# Task statement:
Without copying any pictures, restate exactly the lines from the start of the records through the line containing "line L1 (-20.5, 5) -> (-20.5, 0)".

══ Exercise data

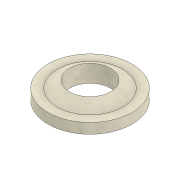
# Autodesk Inventor part: 胶垫
Saved by Autodesk Inventor 2022 (Build 260153000, 153)
## iProperties
Created: 2023-03-14
Part Number: 胶垫
Material: 亚麻布，米色
Document SubType Name: Modeling
Designer: Lzy18
Density: 0.152 g/cm^3
Appearance: 亚麻布 - 米色
Author: Lzy18
Autodesk Inventor part; units mm, degrees
ref_plane "YZ Plane" through (0, 0, 0) normal (1, 0, 0) x (0, 1, 0)
ref_plane "XZ Plane" through (0, 0, 0) normal (0, 1, 0) x (-1, 0, 0)
ref_plane "XY Plane" through (0, 0, 0) normal (0, 0, 1) x (1, 0, 0)
sketch "草图1" plane through (0, 0, 0) normal (0, 0, 1) x (1, 0, 0)
  line L0 (-10, 8.4641) -> (-10, 0)
  line L1 (-20.5, 5) -> (-20.5, 0)
  line L2 (-20.5, 0) -> (-10, 0)
  line L3 (-20.5, 5) -> (-16, 5)
  line L4 (-16, 5) -> (-10, 8.4641)
  line L5 (0, -1.6928) -> (0, 10.1569) projected
  point P0 (0, 0)
  dimension "d0" = 10
  dimension "d2" = 5
  dimension "d3" = 16
  dimension "d4" = 20.5
  dimension "d5" = 60
  constraints: 10 end point, 2 horizontal, 2 vertical
  measures "d0" distance from line of point (0, 0) L0
  measures "d2" distance of L1.start L1.end
  measures "d3" horizontal distance of point (0, 0) L3.end
  measures "d4" distance of point (0, 0) L1.end
  measures "d5" angle of L0 L4
revolve "旋转1" add sketch "草图1" angle 360 about axis through (0, -10, 0) along (0, 1, 0)
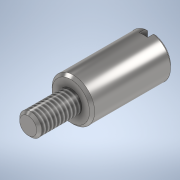
# Autodesk Inventor part: BRU-2609.5S
Saved by Autodesk Inventor 2020.4 (Build 244396000, 396)
## iProperties
Part Number: BRU-2609.5S
Material: ステンレス鋼 AISI 304
Document SubType Name: Modeling
Designer: Masato Kubotera
Density: 7.22596 g/cm^3
Appearance: 半つや出し
Catalog Web Link: https://www.hirosugi-net.co.jp/shop/g/g8609/
Description: ReadyMade
Mass: 1.3165 g
Surface Area: 2.62821 cm^2
Volume: 0.18219 cm^3
Author: Masato Kubotera
Autodesk Inventor part; units mm, degrees
ref_plane "YZ Plane" through (0, 0, 0) normal (1, 0, 0) x (0, 1, 0)
ref_plane "XZ Plane" through (0, 0, 0) normal (0, 1, 0) x (-1, 0, 0)
ref_plane "XY Plane" through (0, 0, 0) normal (0, 0, 1) x (1, 0, 0)
sketch "スケッチ1" plane through (0, 0, 0) normal (0, 1, 0) x (-1, 0, 0)
  line L0 (-1.6, 0) -> (-2.2, 0)
  line L1 (-2.5, 0.3) -> (-2.5, 9.2)
  line L2 (-2.2, 9.5) -> (-1.3, 9.5)
  line L3 (-1.3, 9.5) -> (-1.3, 14.2)
  line L4 (-1, 14.5) -> (0, 14.5)
  line L5 (0, 14.5) -> (0, 5)
  line L6 (0, 5) -> (-1.3, 5)
  line L7 (-1.3, 5) -> (-1.3, 0.3)
  line L8 (-1.3, 14.2) -> (-1, 14.5)
  line L9 (-2.5, 9.2) -> (-2.2, 9.5)
  line L10 (-2.5, 0.3) -> (-2.2, 0)
  line L11 (-1.6, 0) -> (-1.3, 0.3)
  line L12 (0, -2.9) -> (0, 17.4) projected
  point P0 (0, 0)
  point P1 (-2.5, 0)
  point P2 (-2.5, 9.5)
  point P3 (-1.3, 14.5)
  point P4 (-1.3, 0)
  dimension "d0" = 2.6
  dimension "d1" = 5
  dimension "d2" = 9.5
  dimension "d3" = 5
  dimension "d4" = 5
  dimension "d5" = 2.6
  dimension "d6" = 0.3
  dimension "d7" = 0.3
  dimension "d8" = 0.3
  dimension "d9" = 0.3
  dimension "d10" = 0.3
  dimension "d11" = 0.3
  dimension "d12" = 0.3
  dimension "d13" = 0.3
  constraints: 24 end point, 11 point on line, 6 perpendicular, 1 horizontal, 1 parallel
  measures "d0" diameter of point (-1.3, 14.5) L5
  measures "d1" distance of L2.end point (-1.3, 14.5)
  measures "d2" distance of point (-2.5, 0) point (-2.5, 9.5)
  measures "d3" diameter of point (-2.5, 0) L5
  measures "d4" distance of L6.end point (-1.3, 0)
  measures "d5" diameter of L7 L5
  measures "d6" distance of L3.end point (-1.3, 14.5)
  measures "d7" distance of L4.start point (-1.3, 14.5)
  measures "d8" distance of L1.end point (-2.5, 9.5)
  measures "d9" distance of L2.start point (-2.5, 9.5)
  measures "d10" distance of L1.start point (-2.5, 0)
  measures "d11" distance of L0.end point (-2.5, 0)
  measures "d12" distance of L0.start point (-1.3, 0)
  measures "d13" distance of L7.end point (-1.3, 0)
revolve "回転1" add sketch "スケッチ1" angle 360 about axis through (0, 0, -10) along (0, 0, 1)
thread "ねじ1" size "M2.6x0.45" class "6g" standard "ANSI Metric M Profile" full length
thread "ねじ2" size "M2.6x0.45" class "6H" standard "ANSI Metric M Profile" full length
sketch "スケッチ2" plane through (0, 0, 0) normal (0, 0, -1) x (-1, 0, 0)
  line L0 (-0.5, 2.5) -> (0.5, 2.5)
  line L1 (0.5, 2.5) -> (0.5, -2.5)
  line L2 (0.5, -2.5) -> (-0.5, -2.5)
  line L3 (-0.5, -2.5) -> (-0.5, 2.5)
  line L4 (-0.5, 2.5) -> (0.5, -2.5) construction
  line L5 (0.5, 2.5) -> (-0.5, -2.5) construction
  circle A0 centre (0, 0) radius 2.5 projected
  point P0 (0.5, 2.4495)
  point P1 (-0.5, 2.4495)
  point P2 (-0.5, -2.4495)
  point P3 (0.5, -2.4495)
  dimension "d19" = 1
  constraints: 12 end point, 2 midpoint, 2 parallel, 1 horizontal, 1 perpendicular, 1 tangent
  measures "d19" distance of L0.start L0.end
extrude "押し出し1" cut sketch "スケッチ2" against normal blind 1 contours A0 L1 L3
equation "\"d7\" = d6"
equation "\"d8\" = d6"
equation "\"d9\" = d8"
equation "\"d10\" = d6"
equation "\"d11\" = d10"
equation "\"d12\" = d6"
equation "\"d13\" = d12"

════

# The completed task:
# Autodesk Inventor part: 胶垫
Saved by Autodesk Inventor 2022 (Build 260153000, 153)
## iProperties
Created: 2023-03-14
Part Number: 胶垫
Material: 亚麻布，米色
Document SubType Name: Modeling
Designer: Lzy18
Density: 0.152 g/cm^3
Appearance: 亚麻布 - 米色
Author: Lzy18
Autodesk Inventor part; units mm, degrees
ref_plane "YZ Plane" through (0, 0, 0) normal (1, 0, 0) x (0, 1, 0)
ref_plane "XZ Plane" through (0, 0, 0) normal (0, 1, 0) x (-1, 0, 0)
ref_plane "XY Plane" through (0, 0, 0) normal (0, 0, 1) x (1, 0, 0)
sketch "草图1" plane through (0, 0, 0) normal (0, 0, 1) x (1, 0, 0)
  line L0 (-10, 8.4641) -> (-10, 0)
  line L1 (-20.5, 5) -> (-20.5, 0)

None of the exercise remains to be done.